**************************************************************************************************************
Nonparametric double additive cure survival models: an application to the estimation of the nonlinear 
effect of age at first parenthood on fertility progression.
 
Statistical Modelling - 2018

Vincent Bremhorst - Michaela Kreyenfeld - Philippe Lambert
Corresponding author : vincent.bremhorst@uclouvain.be 

Readme file - Help for the use of the R code. 

**************************************************************************************************************

REQUIREMENT : 
-----------

Please, cite the paper when publishing analysis using this code. 


REMARKS : 
-------

For this version of the code : 

1) At least one categorical covariate (defined as factor in R) is needed in each regression part
2) At least one continuous covariate needs to be modelled in a flexible way in each regression part

==> If one of these two conditions are not respected, the main function will return an error message. 

3) Depending on the sample size, the computation time can take some time. 

4) The code can only be run on Windows or on Linux.

 
The data : 
--------

The data used in this paper are available (only for liscenced SOEP-users) at : 
https://www.diw.de/de/diw_01.c.361286.de/archiv.html

A simulated dataset is available with this code (ExampleData.Rdata). 

***************************************************************************************************************

SM_BremhorstetAl2017_mainFunction
----------------------------------

Input : 

* study_name : character variable with the name of the study. 

* obstime : vector of the observed survival time. 

* Event : vector of the event indicator (1 if the event is observed ; 0 if the subject is right censored). 

* Cure : Covariates influencing the probability of the event. 
MUST BE DEFINED AS : list(Categorical = list(...), Continuous = list(...)) 

* labels_Cure : Labels of the covariates influencing the probability of the event. 
MUST BE DEFINED AS : list(Categorical = list(...), Continuous = list(...)) 

* Cox : Covariates influencing the timing of the event. 
MUST BE DEFINED AS : list(Categorical = list(...), Continuous = list(...)) 

* labels_Cox : Labels of the covariates influencing the timing of the event. 
MUST BE DEFINED AS : list(Categorical = list(...), Continuous = list(...)) 

* iteration : length of the posterior chain (MUST BE an integer)

* burnin : burnin of the posterior chain (MUST BE an integer < than iteration)

!!!! DO NOT MODIFY THE DEFAULT VALUES !!!!
* nknots_BD = 17
* degree_BD = 3
* order_BD = 3 : order of the roughness penalty

* nknots_Cov = 7
* degree_Cov = 3
* order_Cov = 2 : order of the roughness penalty

OUTPUT : 

* Create a folder named "Study_name-Convergence checks" containing all the information for checking the convergence of the MCMC algorithm. 

* Return the posterior sample of all the model parameters.
(use names(Res$PostChains) to obtained the name of each component of the list.)

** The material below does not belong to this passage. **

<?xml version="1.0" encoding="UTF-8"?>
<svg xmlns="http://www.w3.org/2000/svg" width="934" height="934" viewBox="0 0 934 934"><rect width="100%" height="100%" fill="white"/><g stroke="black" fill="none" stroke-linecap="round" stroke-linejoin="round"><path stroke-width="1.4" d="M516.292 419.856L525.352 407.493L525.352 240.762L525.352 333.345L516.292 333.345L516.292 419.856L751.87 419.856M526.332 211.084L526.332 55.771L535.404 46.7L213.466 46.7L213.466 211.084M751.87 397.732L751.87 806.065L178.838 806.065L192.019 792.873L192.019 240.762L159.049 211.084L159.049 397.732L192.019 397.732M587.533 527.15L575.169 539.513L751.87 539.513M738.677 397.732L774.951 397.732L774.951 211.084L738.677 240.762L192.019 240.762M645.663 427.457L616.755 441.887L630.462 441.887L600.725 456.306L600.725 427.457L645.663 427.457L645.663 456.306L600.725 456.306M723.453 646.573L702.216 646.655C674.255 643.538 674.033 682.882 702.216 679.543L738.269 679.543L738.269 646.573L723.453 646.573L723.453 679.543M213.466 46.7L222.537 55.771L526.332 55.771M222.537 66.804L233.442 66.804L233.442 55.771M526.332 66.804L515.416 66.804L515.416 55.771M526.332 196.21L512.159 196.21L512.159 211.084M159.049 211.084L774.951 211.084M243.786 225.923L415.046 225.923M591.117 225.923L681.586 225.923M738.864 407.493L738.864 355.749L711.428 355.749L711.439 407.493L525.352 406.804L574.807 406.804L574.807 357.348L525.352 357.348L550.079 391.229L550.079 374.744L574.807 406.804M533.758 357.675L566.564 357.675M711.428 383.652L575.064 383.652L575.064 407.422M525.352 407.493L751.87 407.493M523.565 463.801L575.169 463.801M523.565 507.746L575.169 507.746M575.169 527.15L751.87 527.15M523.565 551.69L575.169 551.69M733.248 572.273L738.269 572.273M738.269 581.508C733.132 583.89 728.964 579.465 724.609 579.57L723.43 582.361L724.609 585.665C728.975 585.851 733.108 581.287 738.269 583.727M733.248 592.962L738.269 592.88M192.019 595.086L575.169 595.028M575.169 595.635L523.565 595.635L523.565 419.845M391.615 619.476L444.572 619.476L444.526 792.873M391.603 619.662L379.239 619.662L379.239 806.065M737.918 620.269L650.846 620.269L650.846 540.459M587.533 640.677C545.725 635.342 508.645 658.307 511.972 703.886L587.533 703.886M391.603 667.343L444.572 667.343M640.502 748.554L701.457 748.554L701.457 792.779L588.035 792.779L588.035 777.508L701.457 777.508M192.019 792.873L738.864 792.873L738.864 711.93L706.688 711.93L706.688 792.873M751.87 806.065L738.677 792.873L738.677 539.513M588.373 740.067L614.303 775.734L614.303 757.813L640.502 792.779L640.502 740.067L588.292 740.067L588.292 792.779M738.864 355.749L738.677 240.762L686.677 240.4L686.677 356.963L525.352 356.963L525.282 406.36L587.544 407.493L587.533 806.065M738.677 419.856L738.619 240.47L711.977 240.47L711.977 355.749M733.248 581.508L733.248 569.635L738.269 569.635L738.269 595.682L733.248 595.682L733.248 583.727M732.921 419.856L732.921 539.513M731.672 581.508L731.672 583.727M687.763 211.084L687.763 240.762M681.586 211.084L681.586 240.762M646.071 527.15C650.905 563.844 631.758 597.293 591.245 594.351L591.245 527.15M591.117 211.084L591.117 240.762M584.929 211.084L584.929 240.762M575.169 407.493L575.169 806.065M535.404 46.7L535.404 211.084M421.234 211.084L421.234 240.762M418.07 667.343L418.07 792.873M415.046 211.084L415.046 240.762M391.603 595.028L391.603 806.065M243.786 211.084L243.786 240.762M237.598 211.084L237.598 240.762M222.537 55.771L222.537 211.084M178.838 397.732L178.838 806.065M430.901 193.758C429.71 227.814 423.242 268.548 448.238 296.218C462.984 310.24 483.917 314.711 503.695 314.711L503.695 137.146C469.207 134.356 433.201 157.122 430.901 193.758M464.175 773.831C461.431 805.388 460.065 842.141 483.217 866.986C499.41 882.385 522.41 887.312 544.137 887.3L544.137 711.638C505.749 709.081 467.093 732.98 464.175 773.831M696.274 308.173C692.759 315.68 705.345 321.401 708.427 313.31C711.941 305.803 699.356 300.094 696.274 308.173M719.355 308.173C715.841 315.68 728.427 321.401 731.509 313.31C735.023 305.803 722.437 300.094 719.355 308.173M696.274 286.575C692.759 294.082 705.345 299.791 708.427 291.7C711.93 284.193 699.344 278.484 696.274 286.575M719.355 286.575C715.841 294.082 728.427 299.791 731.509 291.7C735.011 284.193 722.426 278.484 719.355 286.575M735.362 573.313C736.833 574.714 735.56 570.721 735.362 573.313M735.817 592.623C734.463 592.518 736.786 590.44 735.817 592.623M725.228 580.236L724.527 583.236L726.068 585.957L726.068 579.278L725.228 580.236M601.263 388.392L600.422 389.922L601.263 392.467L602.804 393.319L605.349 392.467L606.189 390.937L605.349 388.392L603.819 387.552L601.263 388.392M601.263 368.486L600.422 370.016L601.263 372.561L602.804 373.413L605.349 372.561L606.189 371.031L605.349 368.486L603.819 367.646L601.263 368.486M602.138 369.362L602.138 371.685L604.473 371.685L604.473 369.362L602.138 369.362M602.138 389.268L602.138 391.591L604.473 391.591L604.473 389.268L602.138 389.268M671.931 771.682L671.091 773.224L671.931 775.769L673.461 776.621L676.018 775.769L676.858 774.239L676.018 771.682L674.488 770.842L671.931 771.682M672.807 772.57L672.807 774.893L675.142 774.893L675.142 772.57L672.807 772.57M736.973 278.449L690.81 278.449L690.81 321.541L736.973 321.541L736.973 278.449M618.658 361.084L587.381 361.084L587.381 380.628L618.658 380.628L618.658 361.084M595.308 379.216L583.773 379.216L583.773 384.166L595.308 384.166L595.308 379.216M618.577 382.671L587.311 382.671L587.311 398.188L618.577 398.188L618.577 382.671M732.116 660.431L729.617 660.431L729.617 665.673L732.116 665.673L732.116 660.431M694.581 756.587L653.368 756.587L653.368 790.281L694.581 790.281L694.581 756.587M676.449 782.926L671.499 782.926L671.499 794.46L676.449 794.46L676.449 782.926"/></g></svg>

* Return the estimates (defined as the posterior median), posterior standard deviation and the HPD intervals (90%-95%-99%) of each regression parameters.  
(use Res$Nresults)

* Create the graphes illustrating the non-linear estimates of the effects of the continuous covariates.

 
******************************************************************************************************************************************************************

Post.proba
-----------

INPUT : 

* X : Given value for the categorical variables in the probability model. 
(!! The first component of X must be equal to 1 --> it is the intercept.)

* Continuous_variables : list of the continuous covariates in the probability model. 
!! The first one must be the variable for which the evolution of the probability is plotted.

* cont.ref : reference value for the other continuous covariates in the probability model.
!! To be specified only if there is more than one continuous covariates in the probability model. 
!! Continuous covariates must be in the same order as in Continuous_variables (counting from component 2). 

* alpha = Res$PostChains[["alphaPost"]] # DO NOT MODIFY (Posterior sample of the regression parameters in the probability model.)

* phi : Posterior sample of the spline parameters related to the continuous variable for which the evolution of the probability is plotted.    

* phi_others : list of the posterior sample of the splines parameters related to the other continuous covariate in the probability model.
!! To be specified only if there is more than one continuous covariates in the probability model. 
!! Must be in the same order as in Continuous_variables (counting from component 2). 

* conf.int : levels of the global confidence interval (by default 0.95)

!!!! DO NOT MODIFY THE DEFAULT VALUES !!!!
nknots_Cov = 7 
degree_Cov = 3 

* ylab : label of the y-axis 

* xlab : label of the x-axis

* main : Title of the graph 


OUTPUT : 
Create the graph of the evolution of the probability to have the event with a given continuous covariates for the given value of the other covariates.